▶ What is required
Pull every line that holds the word "units" from the entries.

▶ Records for the exercise
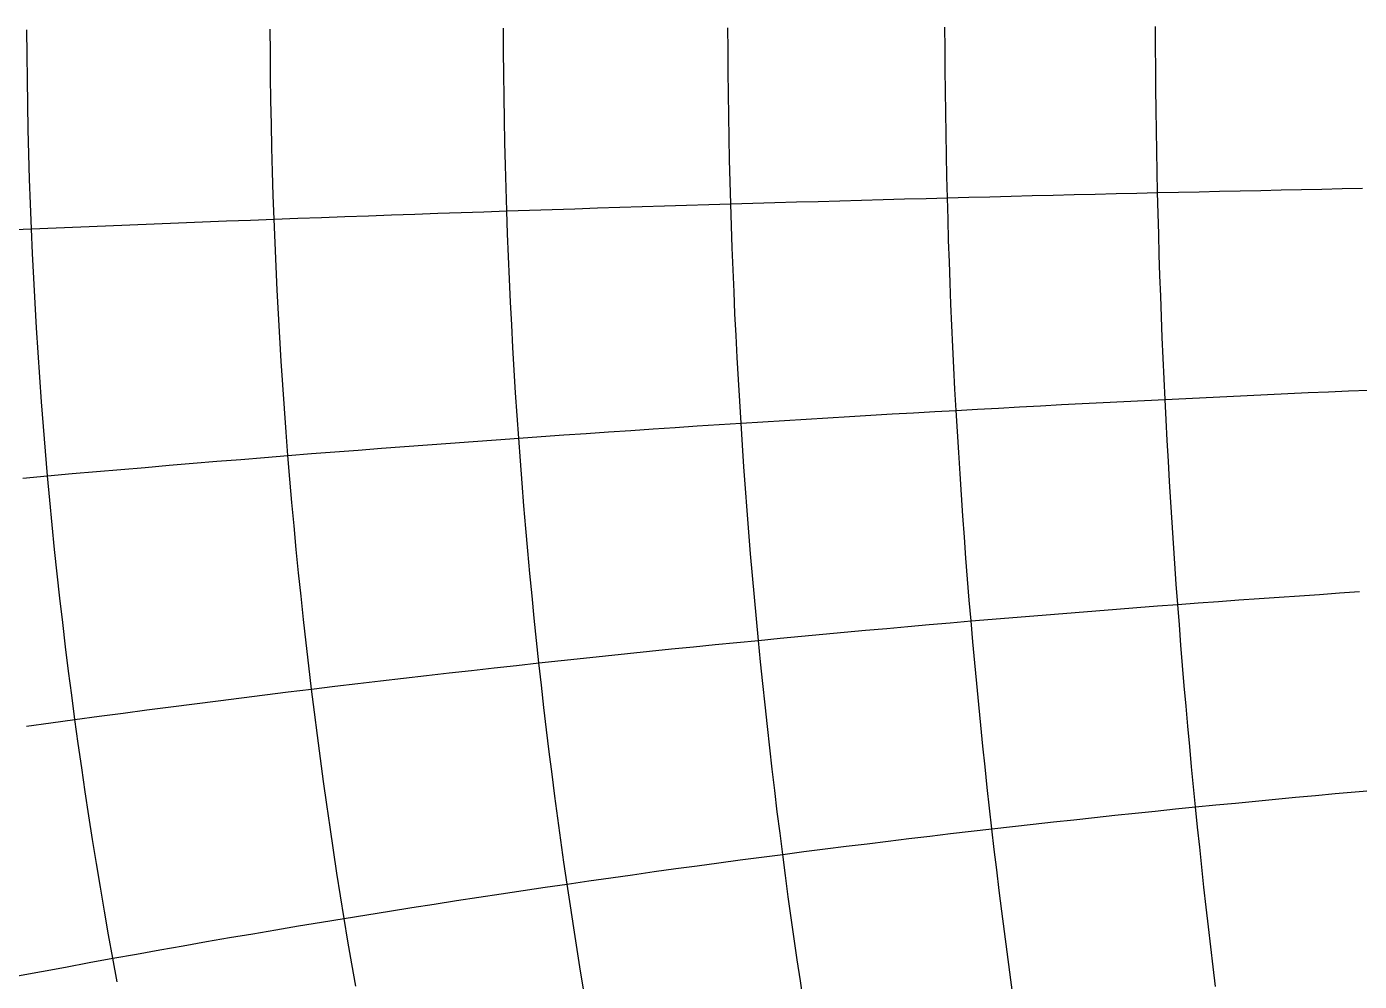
# Model space of a CAD drawing. Header units: metres. Extents: x -3.79 to 3.79, y -1 to 0.
# Drawn here: x -0.4814 to -0.2428, y -0.174 to -0.003 of the extents above; entities that cross this region are included whole.
import ezdxf

# ---------------------------------------------------------------- set-up
doc = ezdxf.new("R2010")
doc.units = ezdxf.units.M

msp = doc.modelspace()

# ---------------------------------------------------------------- linework, layer by layer
for p, q in [((-0.48136, -0.008), (-0.48139, -0.00354)), ((-0.4378, -0.00764), (-0.43782, -0.00338)), ((-0.39605, -0.00734), (-0.39607, -0.00325)), ((-0.35586, -0.00708), (-0.35588, -0.00314)), ((-0.31701, -0.00686), (-0.31703, -0.00304)), ((-0.27931, -0.00667), (-0.27932, -0.00295)), ((-0.35583, -0.01103), (-0.35586, -0.00708)), ((-0.31699, -0.01069), (-0.31701, -0.00686)), ((-0.27929, -0.01039), (-0.27931, -0.00667)), ((-0.48131, -0.01245), (-0.48136, -0.008)), ((-0.43776, -0.01191), (-0.4378, -0.00764)), ((-0.39601, -0.01144), (-0.39605, -0.00734)), ((-0.4377, -0.01617), (-0.43776, -0.01191)), ((-0.39596, -0.01553), (-0.39601, -0.01144)), ((-0.35579, -0.01498), (-0.35583, -0.01103)), ((-0.31695, -0.01451), (-0.31699, -0.01069)), ((-0.27926, -0.01411), (-0.27929, -0.01039)), ((-0.48124, -0.01691), (-0.48131, -0.01245)), ((-0.27921, -0.01783), (-0.27926, -0.01411)), ((-0.43762, -0.02042), (-0.4377, -0.01617)), ((-0.3959, -0.01962), (-0.39596, -0.01553)), ((-0.35573, -0.01893), (-0.35579, -0.01498)), ((-0.3169, -0.01833), (-0.31695, -0.01451)), ((-0.48115, -0.02136), (-0.48124, -0.01691)), ((-0.35566, -0.02287), (-0.35573, -0.01893)), ((-0.31684, -0.02216), (-0.3169, -0.01833)), ((-0.27916, -0.02154), (-0.27921, -0.01783)), ((-0.48104, -0.02582), (-0.48115, -0.02136)), ((-0.43752, -0.02468), (-0.43762, -0.02042)), ((-0.39581, -0.02371), (-0.3959, -0.01962)), ((-0.39572, -0.0278), (-0.39581, -0.02371)), ((-0.35558, -0.02682), (-0.35566, -0.02287)), ((-0.31677, -0.02598), (-0.31684, -0.02216)), ((-0.2791, -0.02526), (-0.27916, -0.02154)), ((-0.48091, -0.03027), (-0.48104, -0.02582)), ((-0.43741, -0.02894), (-0.43752, -0.02468)), ((-0.31668, -0.0298), (-0.31677, -0.02598)), ((-0.27903, -0.02897), (-0.2791, -0.02526)), ((-0.3956, -0.03188), (-0.39572, -0.0278)), ((-0.35548, -0.03076), (-0.35558, -0.02682)), ((-0.48076, -0.03472), (-0.48091, -0.03027)), ((-0.43728, -0.03319), (-0.43741, -0.02894)), ((-0.35537, -0.0347), (-0.35548, -0.03076)), ((-0.31659, -0.03362), (-0.31668, -0.0298)), ((-0.27895, -0.03269), (-0.27903, -0.02897)), ((-0.43713, -0.03744), (-0.43728, -0.03319)), ((-0.39547, -0.03597), (-0.3956, -0.03188)), ((-0.30898, -0.03342), (-0.30519, -0.03332)), ((-0.30519, -0.03332), (-0.30141, -0.03323)), ((-0.30141, -0.03323), (-0.29764, -0.03313)), ((-0.29764, -0.03313), (-0.29388, -0.03304)), ((-0.29388, -0.03304), (-0.29013, -0.03295)), ((-0.29013, -0.03295), (-0.2864, -0.03286)), ((-0.2864, -0.03286), (-0.28267, -0.03277)), ((-0.28267, -0.03277), (-0.27895, -0.03269)), ((-0.27895, -0.03269), (-0.27524, -0.0326)), ((-0.27886, -0.0364), (-0.27895, -0.03269)), ((-0.27524, -0.0326), (-0.27154, -0.03252)), ((-0.27154, -0.03252), (-0.26786, -0.03244)), ((-0.26786, -0.03244), (-0.26418, -0.03236)), ((-0.26418, -0.03236), (-0.2605, -0.03228)), ((-0.2605, -0.03228), (-0.25684, -0.0322)), ((-0.25684, -0.0322), (-0.25319, -0.03212)), ((-0.25319, -0.03212), (-0.24954, -0.03205)), ((-0.24954, -0.03205), (-0.24591, -0.03197)), ((-0.24591, -0.03197), (-0.24228, -0.0319)), ((-0.48058, -0.03916), (-0.48076, -0.03472)), ((-0.3914, -0.03583), (-0.38734, -0.0357)), ((-0.38734, -0.0357), (-0.38329, -0.03557)), ((-0.38329, -0.03557), (-0.37926, -0.03544)), ((-0.37926, -0.03544), (-0.37524, -0.03531)), ((-0.37524, -0.03531), (-0.37124, -0.03519)), ((-0.37124, -0.03519), (-0.36725, -0.03506)), ((-0.36725, -0.03506), (-0.36328, -0.03494)), ((-0.36328, -0.03494), (-0.35931, -0.03482)), ((-0.35931, -0.03482), (-0.35537, -0.0347)), ((-0.35537, -0.0347), (-0.35143, -0.03459)), ((-0.35524, -0.03864), (-0.35537, -0.0347)), ((-0.35143, -0.03459), (-0.34751, -0.03447)), ((-0.34751, -0.03447), (-0.3436, -0.03436)), ((-0.3436, -0.03436), (-0.33971, -0.03425)), ((-0.33971, -0.03425), (-0.33582, -0.03414)), ((-0.33582, -0.03414), (-0.33196, -0.03403)), ((-0.33196, -0.03403), (-0.3281, -0.03392)), ((-0.3281, -0.03392), (-0.32425, -0.03382)), ((-0.32425, -0.03382), (-0.32041, -0.03372)), ((-0.32041, -0.03372), (-0.31659, -0.03362)), ((-0.31659, -0.03362), (-0.31278, -0.03352)), ((-0.31648, -0.03743), (-0.31659, -0.03362)), ((-0.31278, -0.03352), (-0.30898, -0.03342)), ((-0.45861, -0.03827), (-0.45428, -0.0381)), ((-0.45428, -0.0381), (-0.44996, -0.03793)), ((-0.44996, -0.03793), (-0.44566, -0.03777)), ((-0.44566, -0.03777), (-0.44139, -0.0376)), ((-0.44139, -0.0376), (-0.43713, -0.03744)), ((-0.43713, -0.03744), (-0.43289, -0.03729)), ((-0.43696, -0.04169), (-0.43713, -0.03744)), ((-0.43289, -0.03729), (-0.42866, -0.03713)), ((-0.42866, -0.03713), (-0.42446, -0.03698)), ((-0.42446, -0.03698), (-0.42026, -0.03683)), ((-0.42026, -0.03683), (-0.41609, -0.03668)), ((-0.41609, -0.03668), (-0.41194, -0.03653)), ((-0.41194, -0.03653), (-0.4078, -0.03639)), ((-0.4078, -0.03639), (-0.40367, -0.03625)), ((-0.40367, -0.03625), (-0.39957, -0.03611)), ((-0.39957, -0.03611), (-0.39547, -0.03597)), ((-0.39547, -0.03597), (-0.3914, -0.03583)), ((-0.39533, -0.04005), (-0.39547, -0.03597)), ((-0.31637, -0.04125), (-0.31648, -0.03743)), ((-0.27876, -0.04011), (-0.27886, -0.0364)), ((-0.48504, -0.03935), (-0.48058, -0.03916)), ((-0.48058, -0.03916), (-0.47615, -0.03898)), ((-0.48039, -0.0436), (-0.48058, -0.03916)), ((-0.47615, -0.03898), (-0.47173, -0.0388)), ((-0.47173, -0.0388), (-0.46734, -0.03862)), ((-0.46734, -0.03862), (-0.46297, -0.03844)), ((-0.46297, -0.03844), (-0.45861, -0.03827)), ((-0.39517, -0.04413), (-0.39533, -0.04005)), ((-0.35511, -0.04258), (-0.35524, -0.03864)), ((-0.27865, -0.04382), (-0.27876, -0.04011)), ((-0.43677, -0.04594), (-0.43696, -0.04169)), ((-0.35496, -0.04652), (-0.35511, -0.04258)), ((-0.31624, -0.04506), (-0.31637, -0.04125)), ((-0.48017, -0.04804), (-0.48039, -0.0436)), ((-0.39499, -0.04821), (-0.39517, -0.04413)), ((-0.3161, -0.04887), (-0.31624, -0.04506)), ((-0.27853, -0.04753), (-0.27865, -0.04382)), ((-0.43657, -0.05018), (-0.43677, -0.04594)), ((-0.35479, -0.05045), (-0.35496, -0.04652)), ((-0.2784, -0.05123), (-0.27853, -0.04753)), ((-0.47993, -0.05248), (-0.48017, -0.04804)), ((-0.3948, -0.05229), (-0.39499, -0.04821)), ((-0.31595, -0.05268), (-0.3161, -0.04887)), ((-0.47967, -0.05691), (-0.47993, -0.05248)), ((-0.43635, -0.05443), (-0.43657, -0.05018)), ((-0.3946, -0.05636), (-0.3948, -0.05229)), ((-0.35462, -0.05438), (-0.35479, -0.05045)), ((-0.27826, -0.05493), (-0.2784, -0.05123)), ((-0.43611, -0.05866), (-0.43635, -0.05443)), ((-0.35443, -0.05831), (-0.35462, -0.05438)), ((-0.31578, -0.05649), (-0.31595, -0.05268)), ((-0.4794, -0.06134), (-0.47967, -0.05691)), ((-0.39438, -0.06043), (-0.3946, -0.05636)), ((-0.31561, -0.06029), (-0.31578, -0.05649)), ((-0.27812, -0.05863), (-0.27826, -0.05493)), ((-0.43585, -0.0629), (-0.43611, -0.05866)), ((-0.35422, -0.06223), (-0.35443, -0.05831)), ((-0.27796, -0.06233), (-0.27812, -0.05863)), ((-0.47909, -0.06577), (-0.4794, -0.06134)), ((-0.39414, -0.06449), (-0.39438, -0.06043)), ((-0.31543, -0.06409), (-0.31561, -0.06029)), ((-0.43558, -0.06713), (-0.43585, -0.0629)), ((-0.35401, -0.06615), (-0.35422, -0.06223)), ((-0.31523, -0.06789), (-0.31543, -0.06409)), ((-0.27779, -0.06603), (-0.27796, -0.06233)), ((-0.47878, -0.07019), (-0.47909, -0.06577)), ((-0.39389, -0.06856), (-0.39414, -0.06449)), ((-0.35378, -0.07007), (-0.35401, -0.06615)), ((-0.27762, -0.06972), (-0.27779, -0.06603)), ((-0.43528, -0.07135), (-0.43558, -0.06713)), ((-0.39362, -0.07261), (-0.39389, -0.06856)), ((-0.31502, -0.07169), (-0.31523, -0.06789)), ((-0.27025, -0.06936), (-0.26659, -0.06919)), ((-0.26659, -0.06919), (-0.26293, -0.06902)), ((-0.26293, -0.06902), (-0.25928, -0.06885)), ((-0.25928, -0.06885), (-0.25564, -0.06869)), ((-0.25564, -0.06869), (-0.252, -0.06852)), ((-0.252, -0.06852), (-0.24838, -0.06836)), ((-0.24838, -0.06836), (-0.24476, -0.06821)), ((-0.24476, -0.06821), (-0.24116, -0.06805)), ((-0.47843, -0.0746), (-0.47878, -0.07019)), ((-0.43498, -0.07557), (-0.43528, -0.07135)), ((-0.35354, -0.07399), (-0.35378, -0.07007)), ((-0.31502, -0.07169), (-0.31123, -0.07147)), ((-0.31123, -0.07147), (-0.30746, -0.07127)), ((-0.30746, -0.07127), (-0.30369, -0.07106)), ((-0.30369, -0.07106), (-0.29994, -0.07086)), ((-0.29994, -0.07086), (-0.29619, -0.07066)), ((-0.29619, -0.07066), (-0.29246, -0.07047)), ((-0.29246, -0.07047), (-0.28873, -0.07028)), ((-0.28873, -0.07028), (-0.28502, -0.07009)), ((-0.28502, -0.07009), (-0.28131, -0.0699)), ((-0.28131, -0.0699), (-0.27762, -0.06972)), ((-0.27762, -0.06972), (-0.27393, -0.06954)), ((-0.27743, -0.07341), (-0.27762, -0.06972)), ((-0.27393, -0.06954), (-0.27025, -0.06936)), ((-0.39334, -0.07667), (-0.39362, -0.07261)), ((-0.35354, -0.07399), (-0.34963, -0.07374)), ((-0.34963, -0.07374), (-0.34574, -0.0735)), ((-0.34574, -0.0735), (-0.34186, -0.07326)), ((-0.34186, -0.07326), (-0.33799, -0.07302)), ((-0.33799, -0.07302), (-0.33413, -0.07279)), ((-0.33413, -0.07279), (-0.33028, -0.07256)), ((-0.33028, -0.07256), (-0.32645, -0.07234)), ((-0.32645, -0.07234), (-0.32263, -0.07212)), ((-0.32263, -0.07212), (-0.31882, -0.0719)), ((-0.31882, -0.0719), (-0.31502, -0.07169)), ((-0.3148, -0.07548), (-0.31502, -0.07169)), ((-0.27724, -0.0771), (-0.27743, -0.07341)), ((-0.47808, -0.07901), (-0.47843, -0.0746)), ((-0.43465, -0.07979), (-0.43498, -0.07557)), ((-0.3893, -0.07638), (-0.38527, -0.0761)), ((-0.38527, -0.0761), (-0.38125, -0.07582)), ((-0.38125, -0.07582), (-0.37725, -0.07555)), ((-0.37725, -0.07555), (-0.37327, -0.07528)), ((-0.37327, -0.07528), (-0.36929, -0.07501)), ((-0.36929, -0.07501), (-0.36533, -0.07475)), ((-0.36533, -0.07475), (-0.36139, -0.07449)), ((-0.36139, -0.07449), (-0.35746, -0.07424)), ((-0.35746, -0.07424), (-0.35354, -0.07399)), ((-0.35328, -0.0779), (-0.35354, -0.07399)), ((-0.31457, -0.07927), (-0.3148, -0.07548)), ((-0.42208, -0.0788), (-0.41793, -0.07848)), ((-0.41793, -0.07848), (-0.41379, -0.07817)), ((-0.41379, -0.07817), (-0.40967, -0.07786)), ((-0.40967, -0.07786), (-0.40557, -0.07756)), ((-0.40557, -0.07756), (-0.40148, -0.07726)), ((-0.40148, -0.07726), (-0.3974, -0.07696)), ((-0.3974, -0.07696), (-0.39334, -0.07667)), ((-0.39334, -0.07667), (-0.3893, -0.07638)), ((-0.39305, -0.08072), (-0.39334, -0.07667)), ((-0.35301, -0.0818), (-0.35328, -0.0779)), ((-0.27703, -0.08078), (-0.27724, -0.0771)), ((-0.47769, -0.08341), (-0.47808, -0.07901)), ((-0.45164, -0.08117), (-0.44737, -0.08082)), ((-0.44737, -0.08082), (-0.44311, -0.08047)), ((-0.44311, -0.08047), (-0.43887, -0.08013)), ((-0.43887, -0.08013), (-0.43465, -0.07979)), ((-0.43465, -0.07979), (-0.43044, -0.07945)), ((-0.4343, -0.084), (-0.43465, -0.07979)), ((-0.43044, -0.07945), (-0.42626, -0.07913)), ((-0.42626, -0.07913), (-0.42208, -0.0788)), ((-0.39273, -0.08476), (-0.39305, -0.08072)), ((-0.31433, -0.08305), (-0.31457, -0.07927)), ((-0.27682, -0.08446), (-0.27703, -0.08078)), ((-0.48211, -0.08381), (-0.47769, -0.08341)), ((-0.47769, -0.08341), (-0.4733, -0.08303)), ((-0.47729, -0.08781), (-0.47769, -0.08341)), ((-0.4733, -0.08303), (-0.46893, -0.08264)), ((-0.46893, -0.08264), (-0.46458, -0.08227)), ((-0.46458, -0.08227), (-0.46025, -0.0819)), ((-0.46025, -0.0819), (-0.45594, -0.08153)), ((-0.45594, -0.08153), (-0.45164, -0.08117)), ((-0.35273, -0.08571), (-0.35301, -0.0818)), ((-0.31408, -0.08683), (-0.31433, -0.08305)), ((-0.43394, -0.0882), (-0.4343, -0.084)), ((-0.39241, -0.0888), (-0.39273, -0.08476)), ((-0.35244, -0.08961), (-0.35273, -0.08571)), ((-0.27659, -0.08813), (-0.27682, -0.08446)), ((-0.47687, -0.0922), (-0.47729, -0.08781)), ((-0.43356, -0.0924), (-0.43394, -0.0882)), ((-0.31382, -0.09061), (-0.31408, -0.08683)), ((-0.27636, -0.09181), (-0.27659, -0.08813)), ((-0.39207, -0.09284), (-0.39241, -0.0888)), ((-0.35213, -0.0935), (-0.35244, -0.08961)), ((-0.31355, -0.09438), (-0.31382, -0.09061)), ((-0.47643, -0.09659), (-0.47687, -0.0922)), ((-0.43317, -0.0966), (-0.43356, -0.0924)), ((-0.39171, -0.09687), (-0.39207, -0.09284)), ((-0.27612, -0.09547), (-0.27636, -0.09181)), ((-0.35182, -0.09739), (-0.35213, -0.0935)), ((-0.31327, -0.09815), (-0.31355, -0.09438)), ((-0.47597, -0.10096), (-0.47643, -0.09659)), ((-0.43275, -0.10078), (-0.43317, -0.0966)), ((-0.39134, -0.10089), (-0.39171, -0.09687)), ((-0.35148, -0.10127), (-0.35182, -0.09739)), ((-0.27587, -0.09914), (-0.27612, -0.09547)), ((-0.31297, -0.10191), (-0.31327, -0.09815)), ((-0.27561, -0.1028), (-0.27587, -0.09914)), ((-0.47549, -0.10534), (-0.47597, -0.10096)), ((-0.43232, -0.10497), (-0.43275, -0.10078)), ((-0.39096, -0.10491), (-0.39134, -0.10089)), ((-0.35114, -0.10515), (-0.35148, -0.10127)), ((-0.31267, -0.10567), (-0.31297, -0.10191)), ((-0.43188, -0.10914), (-0.43232, -0.10497)), ((-0.39056, -0.10893), (-0.39096, -0.10491)), ((-0.27534, -0.10645), (-0.27561, -0.1028)), ((-0.25718, -0.10514), (-0.25358, -0.10489)), ((-0.25358, -0.10489), (-0.24998, -0.10465)), ((-0.24998, -0.10465), (-0.24639, -0.10441)), ((-0.24639, -0.10441), (-0.24281, -0.10417)), ((-0.47499, -0.1097), (-0.47549, -0.10534)), ((-0.35079, -0.10902), (-0.35114, -0.10515)), ((-0.31235, -0.10942), (-0.31267, -0.10567)), ((-0.29003, -0.10758), (-0.28634, -0.1073)), ((-0.28634, -0.1073), (-0.28266, -0.10701)), ((-0.28266, -0.10701), (-0.279, -0.10673)), ((-0.279, -0.10673), (-0.27534, -0.10645)), ((-0.27534, -0.10645), (-0.27169, -0.10618)), ((-0.27506, -0.1101), (-0.27534, -0.10645)), ((-0.27169, -0.10618), (-0.26805, -0.10592)), ((-0.26805, -0.10592), (-0.26442, -0.10565)), ((-0.26442, -0.10565), (-0.2608, -0.1054)), ((-0.2608, -0.1054), (-0.25718, -0.10514)), ((-0.47447, -0.11406), (-0.47499, -0.1097)), ((-0.43141, -0.11331), (-0.43188, -0.10914)), ((-0.39014, -0.11293), (-0.39056, -0.10893)), ((-0.35042, -0.11289), (-0.35079, -0.10902)), ((-0.31987, -0.11007), (-0.31611, -0.10975)), ((-0.31611, -0.10975), (-0.31235, -0.10942)), ((-0.31235, -0.10942), (-0.3086, -0.1091)), ((-0.31202, -0.11317), (-0.31235, -0.10942)), ((-0.3086, -0.1091), (-0.30487, -0.10879)), ((-0.30487, -0.10879), (-0.30114, -0.10848)), ((-0.30114, -0.10848), (-0.29743, -0.10818)), ((-0.29743, -0.10818), (-0.29372, -0.10788)), ((-0.29372, -0.10788), (-0.29003, -0.10758)), ((-0.34271, -0.11216), (-0.33888, -0.1118)), ((-0.33888, -0.1118), (-0.33505, -0.11144)), ((-0.33505, -0.11144), (-0.33124, -0.11109)), ((-0.33124, -0.11109), (-0.32744, -0.11075)), ((-0.32744, -0.11075), (-0.32365, -0.11041)), ((-0.32365, -0.11041), (-0.31987, -0.11007)), ((-0.27477, -0.11375), (-0.27506, -0.1101)), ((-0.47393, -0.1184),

▶ Solved exercise
# Model space of a CAD drawing. Header units: metres. Extents: x -3.79 to 3.79, y -1 to 0.
doc.units = ezdxf.units.M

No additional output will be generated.